Commentary

Legislators would crash state finances on principle, at everyone's expense

We're facing the likelihood that the Alaska Legislature won't make meaningful progress this year in solving the fiscal crisis that threatens our state.

The budget deal that passed this week set up the Legislature to leave Juneau at any time with everyone's checks being paid. But budget cuts are insignificant in the face of Alaska's loss of revenue. No major changes have been made to solve the problem.

The package of measures proposed last year by Gov. Bill Walker never received a vote.

At points in the session, legislators said the fear of doing nothing would be sufficient to motivate tough decisions. But now summer is here, Alaskans are fishing, the filing deadline for legislative elections has passed, and delaying another year while spending billions more in savings seems to have become an acceptable outcome.
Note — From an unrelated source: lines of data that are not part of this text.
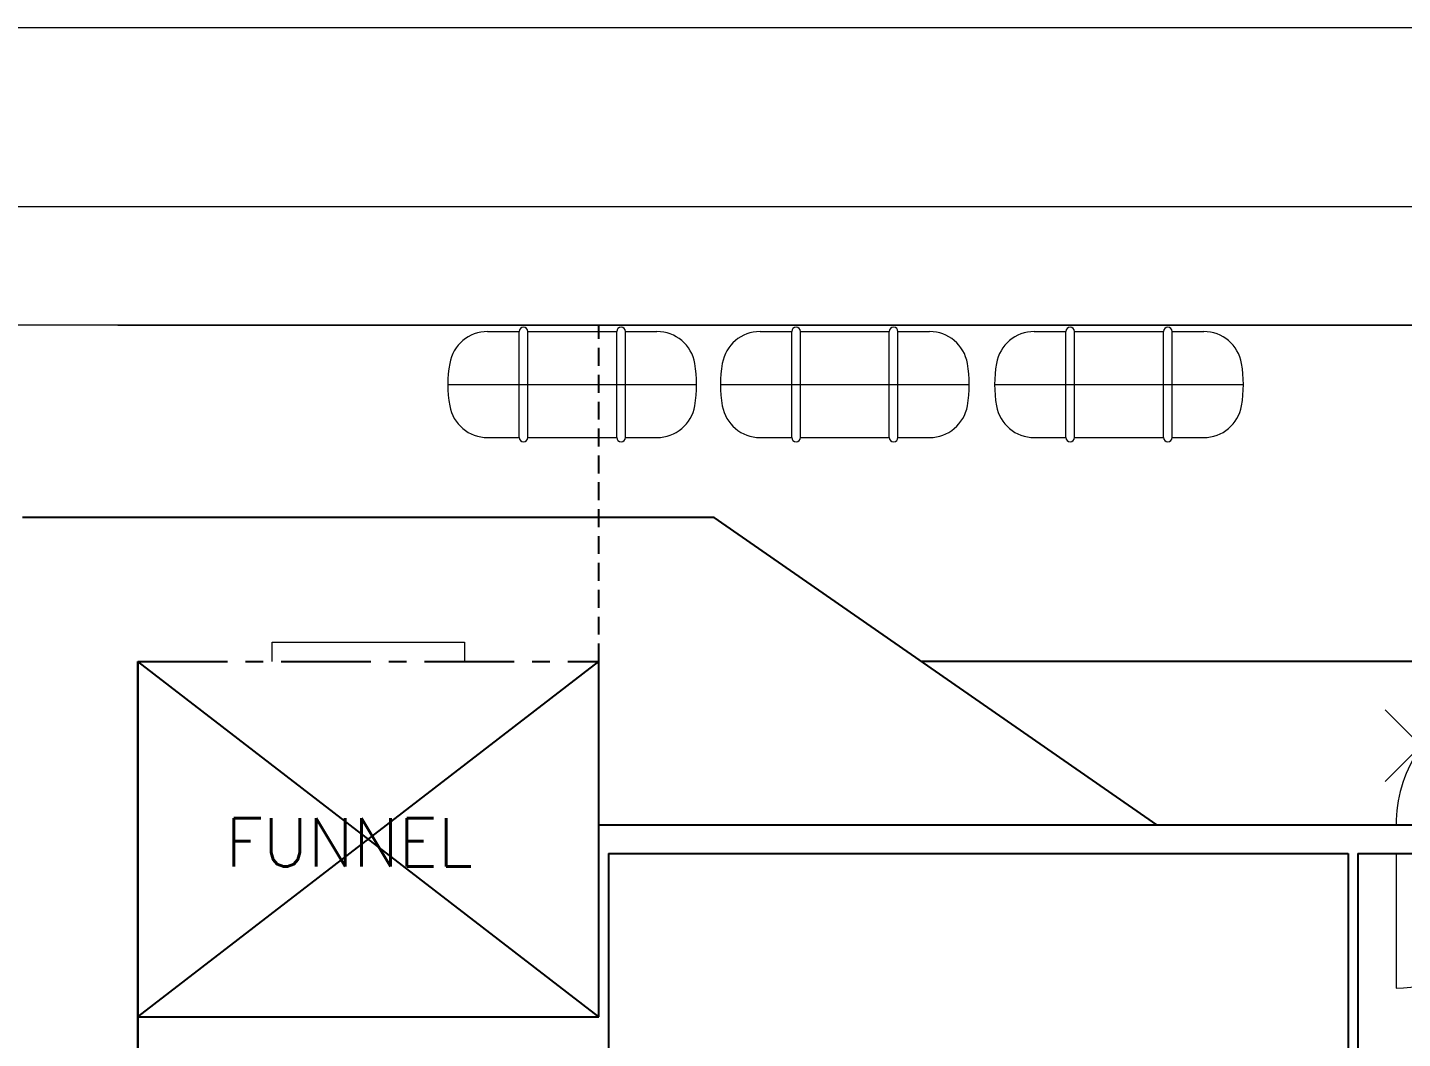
# Model space of a CAD drawing. Extents: x 475189 to 476029, y 1007718 to 1008015.
# Drawn here: x 475725.64 to 475764.01, y 1007987.13 to 1008015.34 of the extents above; entities that cross this region are included whole.
import ezdxf

# ---------------------------------------------------------------- set-up
doc = ezdxf.new("R2010")
doc.units = 0
doc.header["$LTSCALE"] = 2
doc.header["$MEASUREMENT"] = 0
doc.header["$PDMODE"] = 3
doc.header["$PDSIZE"] = -7
for name, pattern in [('CENTER', [2, 1.25, -0.25, 0.25, -0.25]), ('DASHDOT', [38.1, 12.7, -6.35, 12.7, -6.35]), ('HIDDEN', [0.375, 0.25, -0.125])]:
    doc.linetypes.add(name, pattern=pattern)
doc.layers.get('0').update_dxf_attribs({"linetype": 'CONTINUOUS', "lineweight": 0})
for name, color, linetype in [('DIVISION', 42, 'CONTINUOUS'), ('LAYER002', 7, 'CONTINUOUS'), ('LAYER003', 7, 'CONTINUOUS'), ('LAYER006', 7, 'CONTINUOUS'), ('Lining', 151, 'CONTINUOUS'), ('RED-1', 1, 'CONTINUOUS')]:
    doc.layers.add(name, color=color, linetype=linetype)
doc.layers.add('Template', color=7, linetype='CONTINUOUS', lineweight=0)
doc.styles.add('ROMANS', font='ROMANS.SHX')

msp = doc.modelspace()

# ---------------------------------------------------------------- linework, layer by layer
at = {"color": 8, "linetype": 'Continuous'}
for p, q in [((475770.077, 1008007.029), (475712.637, 1008007.029)), ((475728.159, 1008007.029), (475772.655, 1008007.029)), ((475737.371, 1008005.375), (475744.313, 1008005.375)), ((475744.978, 1008005.375), (475751.92, 1008005.375)), ((475752.628, 1008005.375), (475759.57, 1008005.375)), ((475732.472, 1007997.647), (475732.472, 1007998.183)), ((475732.472, 1007998.183), (475737.833, 1007998.183)), ((475737.833, 1007998.183), (475737.833, 1007997.647))]:
    msp.add_line(p, q, dxfattribs=at)
at = {"color": 8}
for p, q in [((475738.478, 1008006.854), (475739.36, 1008006.854)), ((475739.36, 1008003.895), (475739.36, 1008006.854)), ((475739.601, 1008006.854), (475742.083, 1008006.854)), ((475739.601, 1008003.895), (475739.601, 1008006.854)), ((475742.083, 1008003.895), (475742.083, 1008006.854)), ((475742.325, 1008006.854), (475743.206, 1008006.854)), ((475742.325, 1008003.895), (475742.325, 1008006.854)), ((475746.085, 1008006.854), (475746.967, 1008006.854)), ((475746.967, 1008003.895), (475746.967, 1008006.854)), ((475747.208, 1008006.854), (475749.69, 1008006.854)), ((475747.208, 1008003.895), (475747.208, 1008006.854)), ((475749.69, 1008003.895), (475749.69, 1008006.854)), ((475749.931, 1008006.854), (475750.813, 1008006.854)), ((475749.931, 1008003.895), (475749.931, 1008006.854)), ((475753.735, 1008006.854), (475754.617, 1008006.854)), ((475754.617, 1008003.895), (475754.617, 1008006.854)), ((475754.858, 1008006.854), (475757.34, 1008006.854)), ((475754.858, 1008003.895), (475754.858, 1008006.854)), ((475757.34, 1008003.895), (475757.34, 1008006.854)), ((475757.581, 1008006.854), (475758.463, 1008006.854)), ((475757.581, 1008003.895), (475757.581, 1008006.854)), ((475738.478, 1008003.895), (475739.36, 1008003.895)), ((475739.601, 1008003.895), (475742.083, 1008003.895)), ((475742.325, 1008003.895), (475743.206, 1008003.895)), ((475746.085, 1008003.895), (475746.967, 1008003.895)), ((475747.208, 1008003.895), (475749.69, 1008003.895)), ((475749.931, 1008003.895), (475750.813, 1008003.895)), ((475753.735, 1008003.895), (475754.617, 1008003.895)), ((475754.858, 1008003.895), (475757.34, 1008003.895)), ((475757.581, 1008003.895), (475758.463, 1008003.895)), ((475763.834, 1007992.286), (475763.834, 1007988.532))]:
    msp.add_line(p, q, dxfattribs=at)
for centre, radius, start, end in [((475739.481, 1008006.854), 0.121, 0, 180), ((475742.204, 1008006.854), 0.121, 0, 180), ((475747.087, 1008006.854), 0.121, 0, 180), ((475749.811, 1008006.854), 0.121, 0, 180), ((475754.737, 1008006.854), 0.121, 0, 180), ((475757.461, 1008006.854), 0.121, 0, 180), ((475738.478, 1008005.782), 1.072, 90, 170.2219), ((475743.206, 1008005.782), 1.072, 9.7781, 90), ((475746.085, 1008005.782), 1.072, 90, 170.2219), ((475750.813, 1008005.782), 1.072, 9.7781, 90), ((475753.735, 1008005.782), 1.072, 90, 170.2219), ((475758.463, 1008005.782), 1.072, 9.7781, 90), ((475740.842, 1008005.375), 3.471, 170.2219, 189.7781), ((475740.842, 1008005.375), 3.471, 350.2219, 9.7781), ((475748.449, 1008005.375), 3.471, 170.2219, 189.7781), ((475748.449, 1008005.375), 3.471, 350.2219, 9.7781), ((475756.099, 1008005.375), 3.471, 170.2219, 189.7781), ((475756.099, 1008005.375), 3.471, 350.2219, 9.7781), ((475738.478, 1008004.967), 1.072, 189.7781, 270), ((475743.206, 1008004.967), 1.072, 270, 350.2219), ((475746.085, 1008004.967), 1.072, 189.7781, 270), ((475750.813, 1008004.967), 1.072, 270, 350.2219), ((475753.735, 1008004.967), 1.072, 189.7781, 270), ((475758.463, 1008004.967), 1.072, 270, 350.2219), ((475739.481, 1008003.895), 0.121, 180, 0), ((475742.204, 1008003.895), 0.121, 180, 0), ((475747.087, 1008003.895), 0.121, 180, 0), ((475749.811, 1008003.895), 0.121, 180, 0), ((475754.737, 1008003.895), 0.121, 180, 0), ((475757.461, 1008003.895), 0.121, 180, 0), ((475767.587, 1007993.09), 3.754, 147.3943, 180), ((475763.834, 1007992.286), 3.754, 270, 319.3943)]:
    msp.add_arc(centre, radius, start, end, dxfattribs=at)
at = {"color": 8, "linetype": 'Continuous'}
msp.add_point((475764.523, 1007995.299), dxfattribs=at)
at = {"layer": 'DIVISION', "color": 8}
for p, q in [((475762.494, 1007992.286), (475762.494, 1007980.492)), ((475762.762, 1007992.286), (475762.762, 1007980.224))]:
    msp.add_line(p, q, dxfattribs=at)
at = {"layer": 'LAYER002', "color": 8, "linetype": 'Continuous'}
for p, q in [((475728.72, 1007997.647), (475728.72, 1007930.634)), ((475728.72, 1007980.224), (475728.72, 1007997.647)), ((475741.586, 1007987.729), (475741.586, 1007997.647)), ((475741.586, 1007993.09), (475768.927, 1007993.09)), ((475728.72, 1007987.729), (475741.586, 1007987.729))]:
    msp.add_line(p, q, dxfattribs=at)
at = {"layer": 'LAYER002', "color": 8, "linetype": 'CENTER'}
msp.add_line((475728.72, 1007997.647), (475741.586, 1007997.647), dxfattribs=at)
at = {"layer": 'LAYER003', "color": 8, "linetype": 'Continuous'}
msp.add_line((475762.762, 1007992.286), (475768.659, 1007992.286), dxfattribs=at)
at = {"layer": 'LAYER006', "color": 8, "linetype": 'DASHDOT'}
for p, q in [((475744.803, 1008001.668), (475725.503, 1008001.668)), ((475757.155, 1007993.09), (475744.803, 1008001.668)), ((475741.586, 1007987.729), (475728.72, 1007997.647)), ((475728.72, 1007987.729), (475741.586, 1007997.647)), ((475768.927, 1007997.647), (475750.593, 1007997.647))]:
    msp.add_line(p, q, dxfattribs=at)
at = {"layer": 'Lining', "color": 8}
for q in [(475741.854, 1007986.523), (475762.494, 1007992.286)]:
    msp.add_line((475741.854, 1007992.286), q, dxfattribs=at)
at = {"layer": 'RED-1', "color": 8, "linetype": 'HIDDEN'}
msp.add_line((475741.586, 1007997.647), (475741.586, 1008007.029), dxfattribs=at)
at = {"layer": 'Template', "flags": 128}
msp.add_lwpolyline([(475608.823, 1008015.338), (476028.823, 1008015.338), (476028.823, 1007718.338), (475608.823, 1007718.338)], close=True, dxfattribs=at)
at = {"layer": 'Template', "color": 7, "linetype": 'ByBlock', "lineweight": 13, "flags": 128}
msp.add_lwpolyline([(475613.817, 1008010.344), (476023.829, 1008010.344)], dxfattribs=at)

# ---------------------------------------------------------------- texts
at = {"color": 8, "linetype": 'Continuous', "style": 'ROMANS'}
msp.add_text('FUNNEL', height=1.3403, dxfattribs=at).set_placement((475731.173, 1007991.93))

doc.saveas('drawing.dxf')
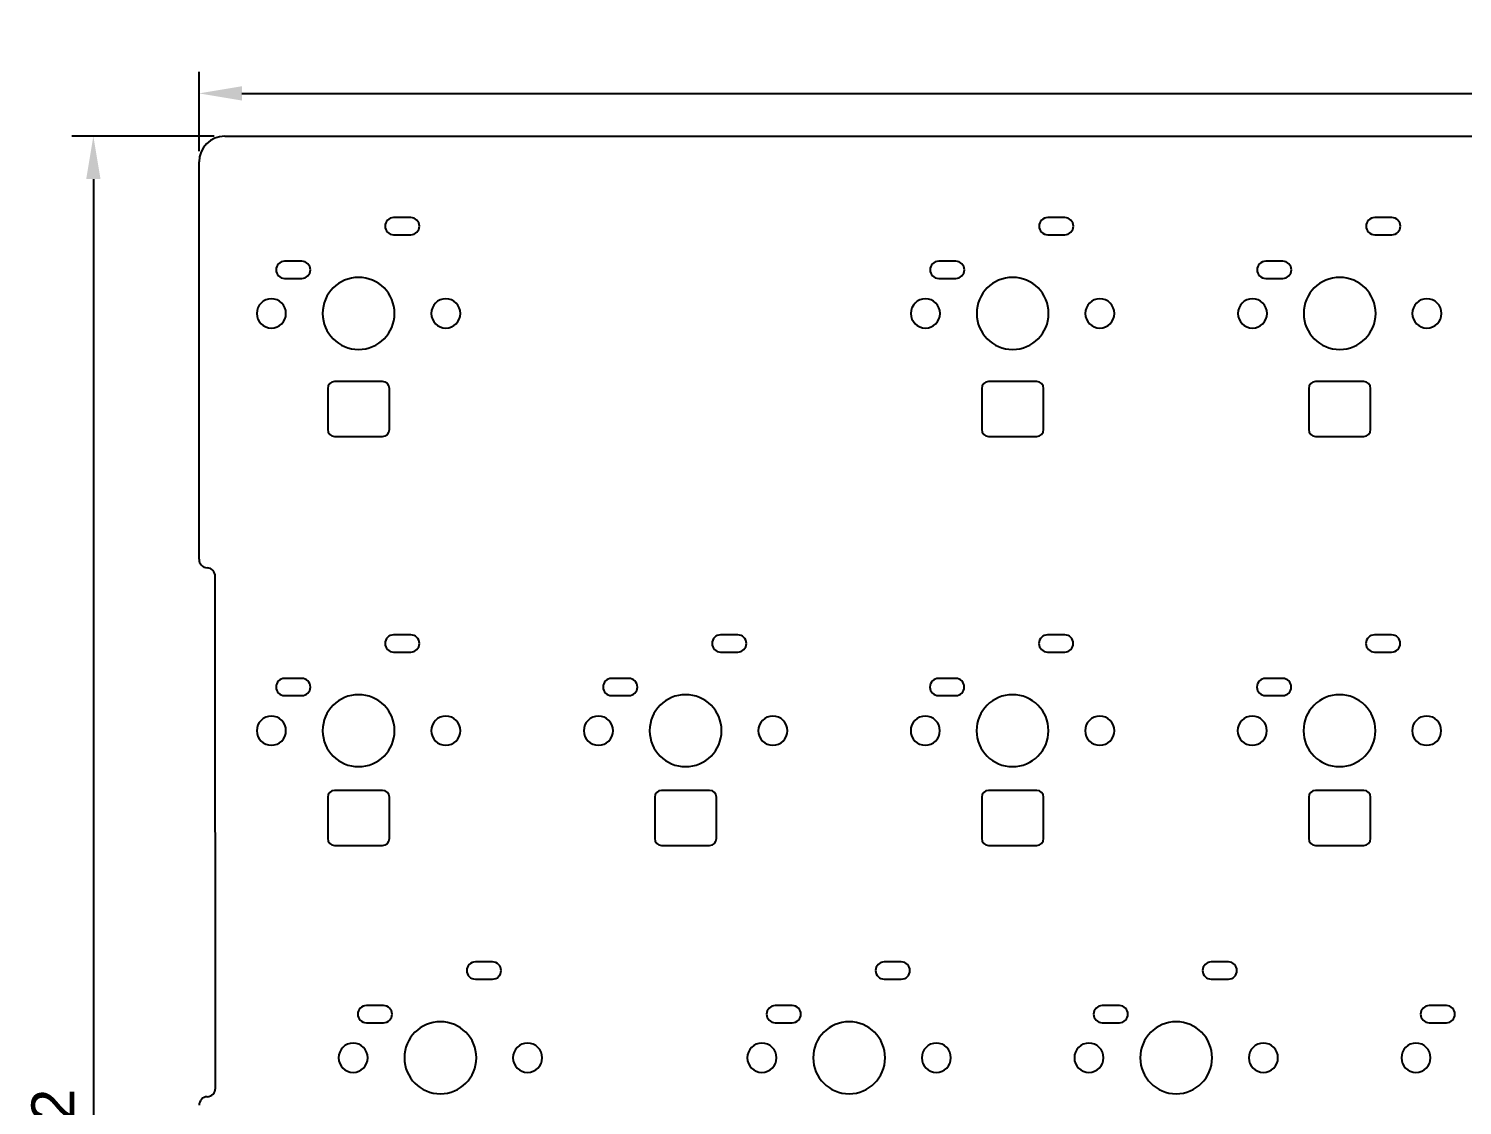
# Model space of a CAD drawing. Header units: millimetres. Extents: x -10 to 348, y -1 to 127.
# Drawn here: x -9.7 to 73.8, y 63.9 to 126.6 of the extents above; entities that cross this region are included whole.
import ezdxf

# ---------------------------------------------------------------- set-up
doc = ezdxf.new("R2010")
doc.units = ezdxf.units.MM
doc.layers.add('Board Outline Layer', color=6, linetype='Continuous', true_color=0xff00ff)
doc.layers.add('IXPE', color=7, linetype='Continuous', true_color=0x9069e9)
doc.styles.get("Standard").update_dxf_attribs({"font": 'arial.ttf'})
doc.dimstyles.new('ISO-25', dxfattribs={"dimtxt": 2.5, "dimasz": 2.5, "dimexe": 1.25, "dimexo": 0.625, "dimtad": 1, "dimtxsty": 'Standard', "dimcen": 2.5, "dimadec": 0, "dimazin": 0, "dimtfac": 1, "dimtmove": 0, "dimatfit": 3, "dimfxl": 1, "dimarcsym": 0})

# ---------------------------------------------------------------- blocks, each defined once
blk = doc.blocks.new('*D1')
at = {"color": 0, "lineweight": -2, "transparency": 16777216}
for p, q in [((0.23, 119.47), (0.23, 124.089)), ((347.907, 119.47), (347.907, 124.089)), ((2.73, 122.839), (345.407, 122.839))]:
    blk.add_line(p, q, dxfattribs=at)
at = {"color": 0, "transparency": 16777216}
for points in [[(2.73, 123.256), (2.73, 122.423), (0.23, 122.839)], [(345.407, 123.256), (345.407, 122.423), (347.907, 122.839)]]:
    blk.add_solid(points, dxfattribs=at)
at = {"layer": 'Defpoints', "color": 0, "transparency": 16777216}
for p in [(347.907, 122.839), (0.23, 118.845), (347.907, 118.845)]:
    blk.add_point(p, dxfattribs=at)
at = {"color": 0, "transparency": 16777216, "insert": (174.069, 124.967), "char_height": 2.5, "attachment_point": 5}
blk.add_mtext('347,68', dxfattribs=at)
blk = doc.blocks.new('*D2')
at = {"color": 0, "lineweight": -2, "transparency": 16777216}
for p, q in [((1.105, 120.345), (-7.176, 120.345)), ((-5.926, 117.845), (-5.926, 1.22)), ((1.105, -1.28), (-7.176, -1.28))]:
    blk.add_line(p, q, dxfattribs=at)
at = {"color": 0, "transparency": 16777216}
for points in [[(-6.342, 117.845), (-5.509, 117.845), (-5.926, 120.345)], [(-6.342, 1.22), (-5.509, 1.22), (-5.926, -1.28)]]:
    blk.add_solid(points, dxfattribs=at)
at = {"layer": 'Defpoints', "color": 0, "transparency": 16777216}
for p in [(1.73, 120.345), (-5.926, -1.28), (1.73, -1.28)]:
    blk.add_point(p, dxfattribs=at)
at = {"color": 0, "transparency": 16777216, "insert": (-8.053, 59.532), "char_height": 2.5, "attachment_point": 5, "rotation": 90}
blk.add_mtext('121,62', dxfattribs=at)

msp = doc.modelspace()

# ---------------------------------------------------------------- linework, layer by layer
at = {"layer": 'Board Outline Layer'}
for p, q in [((1.73, 120.345), (346.407, 120.345)), ((0.23, 95.708), (0.23, 118.845)), ((0.703, 95.209), (0.703, 95.209)), ((1.184, 64.906), (1.177, 94.71)), ((0.71, 64.406), (0.703, 64.406))]:
    msp.add_line(p, q, dxfattribs=at)
for centre, radius, start, end in [((1.73, 118.845), 1.5, 90, 180), ((0.73, 95.708), 0.5, 180.00024, 266.94024), ((0.677, 94.709), 0.5, 0.01358, 86.94058), ((0.73, 63.906), 0.5, 92.25977, 179.99977), ((0.684, 64.905), 0.5, 272.25962, 0.01362)]:
    msp.add_arc(centre, radius, start, end, dxfattribs=at)
at = {"layer": 'IXPE'}
for p, q in [((12.565, 115.605), (11.565, 115.605)), ((12.565, 115.605), (11.565, 115.605)), ((50.665, 115.605), (49.665, 115.605)), ((50.665, 115.605), (49.665, 115.605)), ((69.715, 115.605), (68.715, 115.605)), ((69.715, 115.605), (68.715, 115.605)), ((11.065, 115.105), (11.065, 115.105)), ((11.065, 115.105), (11.065, 115.105)), ((11.565, 114.605), (12.565, 114.605)), ((11.565, 114.605), (12.565, 114.605)), ((13.065, 115.105), (13.065, 115.105)), ((13.065, 115.105), (13.065, 115.105)), ((49.165, 115.105), (49.165, 115.105)), ((49.165, 115.105), (49.165, 115.105)), ((49.665, 114.605), (50.665, 114.605)), ((49.665, 114.605), (50.665, 114.605)), ((51.165, 115.105), (51.165, 115.105)), ((51.165, 115.105), (51.165, 115.105)), ((68.215, 115.105), (68.215, 115.105)), ((68.215, 115.105), (68.215, 115.105)), ((68.715, 114.605), (69.715, 114.605)), ((68.715, 114.605), (69.715, 114.605)), ((70.215, 115.105), (70.215, 115.105)), ((70.215, 115.105), (70.215, 115.105)), ((6.215, 113.065), (5.215, 113.065)), ((6.215, 113.065), (5.215, 113.065)), ((44.315, 113.065), (43.315, 113.065)), ((44.315, 113.065), (43.315, 113.065)), ((63.365, 113.065), (62.365, 113.065)), ((63.365, 113.065), (62.365, 113.065)), ((4.715, 112.565), (4.715, 112.565)), ((4.715, 112.565), (4.715, 112.565)), ((5.215, 112.065), (6.215, 112.065)), ((5.215, 112.065), (6.215, 112.065)), ((6.715, 112.565), (6.715, 112.565)), ((6.715, 112.565), (6.715, 112.565)), ((42.815, 112.565), (42.815, 112.565)), ((42.815, 112.565), (42.815, 112.565)), ((43.315, 112.065), (44.315, 112.065)), ((43.315, 112.065), (44.315, 112.065)), ((44.815, 112.565), (44.815, 112.565)), ((44.815, 112.565), (44.815, 112.565)), ((61.865, 112.565), (61.865, 112.565)), ((61.865, 112.565), (61.865, 112.565)), ((62.365, 112.065), (63.365, 112.065)), ((62.365, 112.065), (63.365, 112.065)), ((63.865, 112.565), (63.865, 112.565)), ((63.865, 112.565), (63.865, 112.565)), ((43.396, 110.025), (43.396, 110.025)), ((43.396, 110.025), (43.396, 110.025)), ((53.556, 110.025), (53.556, 110.025)), ((53.556, 110.025), (53.556, 110.025)), ((62.446, 110.025), (62.446, 110.025)), ((62.446, 110.025), (62.446, 110.025)), ((7.725, 105.658), (7.725, 105.658)), ((7.725, 105.658), (7.725, 103.258)), ((7.725, 105.658), (7.725, 105.658)), ((7.725, 105.658), (7.725, 103.258)), ((10.925, 106.058), (8.125, 106.058)), ((10.925, 106.058), (8.125, 106.058)), ((10.925, 106.058), (10.925, 106.058)), ((10.925, 106.058), (10.925, 106.058)), ((11.325, 103.257), (11.325, 105.658)), ((11.325, 103.257), (11.325, 105.658)), ((45.825, 105.658), (45.825, 105.658)), ((45.825, 105.658), (45.825, 103.258)), ((45.825, 105.658), (45.825, 105.658)), ((45.825, 105.658), (45.825, 103.258)), ((49.025, 106.058), (46.225, 106.058)), ((49.025, 106.058), (46.225, 106.058)), ((49.025, 106.058), (49.025, 106.058)), ((49.025, 106.058), (49.025, 106.058)), ((49.425, 103.257), (49.425, 105.658)), ((49.425, 103.257), (49.425, 105.658)), ((64.875, 105.658), (64.875, 105.658)), ((64.875, 105.658), (64.875, 103.258)), ((64.875, 105.658), (64.875, 105.658)), ((64.875, 105.658), (64.875, 103.258)), ((68.075, 106.058), (65.275, 106.058)), ((68.075, 106.058), (65.275, 106.058)), ((68.075, 106.058), (68.075, 106.058)), ((68.075, 106.058), (68.075, 106.058)), ((68.475, 103.257), (68.475, 105.658)), ((68.475, 103.257), (68.475, 105.658)), ((8.125, 102.858), (10.925, 102.858)), ((8.125, 102.858), (10.925, 102.858)), ((10.925, 102.858), (10.925, 102.857)), ((10.925, 102.858), (10.925, 102.857)), ((46.225, 102.858), (49.025, 102.858)), ((46.225, 102.858), (49.025, 102.858)), ((49.025, 102.858), (49.025, 102.857)), ((49.025, 102.858), (49.025, 102.857)), ((65.275, 102.858), (68.075, 102.858)), ((65.275, 102.858), (68.075, 102.858)), ((68.075, 102.858), (68.075, 102.857)), ((68.075, 102.858), (68.075, 102.857)), ((12.565, 91.305), (11.565, 91.305)), ((12.565, 91.305), (11.565, 91.305)), ((31.615, 91.305), (30.615, 91.305)), ((31.615, 91.305), (30.615, 91.305)), ((50.657, 91.305), (49.657, 91.305)), ((50.657, 91.305), (49.657, 91.305)), ((69.702, 91.305), (68.702, 91.305)), ((69.702, 91.305), (68.702, 91.305)), ((11.065, 90.805), (11.065, 90.805)), ((11.065, 90.805), (11.065, 90.805)), ((11.565, 90.305), (12.565, 90.305)), ((11.565, 90.305), (12.565, 90.305)), ((13.065, 90.805), (13.065, 90.805)), ((13.065, 90.805), (13.065, 90.805)), ((30.115, 90.805), (30.115, 90.805)), ((30.115, 90.805), (30.115, 90.805)), ((30.615, 90.305), (31.615, 90.305)), ((30.615, 90.305), (31.615, 90.305)), ((32.115, 90.805), (32.115, 90.805)), ((32.115, 90.805), (32.115, 90.805)), ((49.157, 90.805), (49.157, 90.805)), ((49.157, 90.805), (49.157, 90.805)), ((49.657, 90.305), (50.657, 90.305)), ((49.657, 90.305), (50.657, 90.305)), ((51.157, 90.805), (51.157, 90.805)), ((51.157, 90.805), (51.157, 90.805)), ((68.202, 90.805), (68.202, 90.805)), ((68.202, 90.805), (68.202, 90.805)), ((68.702, 90.305), (69.702, 90.305)), ((68.702, 90.305), (69.702, 90.305)), ((70.202, 90.805), (70.202, 90.805)), ((70.202, 90.805), (70.202, 90.805)), ((6.215, 88.765), (5.215, 88.765)), ((6.215, 88.765), (5.215, 88.765)), ((25.265, 88.765), (24.265, 88.765)), ((25.265, 88.765), (24.265, 88.765)), ((44.307, 88.765), (43.307, 88.765)), ((44.307, 88.765), (43.307, 88.765)), ((63.352, 88.765), (62.352, 88.765)), ((63.352, 88.765), (62.352, 88.765)), ((4.715, 88.265), (4.715, 88.265)), ((4.715, 88.265), (4.715, 88.265)), ((5.215, 87.765), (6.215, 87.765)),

It's not acceptable. To put the magnitude of this decision in perspective, the savings that would be spent this coming year would, if retained as savings, perpetually generate enough interest to spin off about $200 million annually. That's as much as the income tax the Legislature hasn't had the stomach to vote on.

[Alaska lawmakers announce a budget compromise. But will the governor sign it?]

The savings spent since the budget deficits started, added to this coming year's deficit, could have provided annual investment income of more than $600 million. That's $850 for every Alaskan, every year, forever.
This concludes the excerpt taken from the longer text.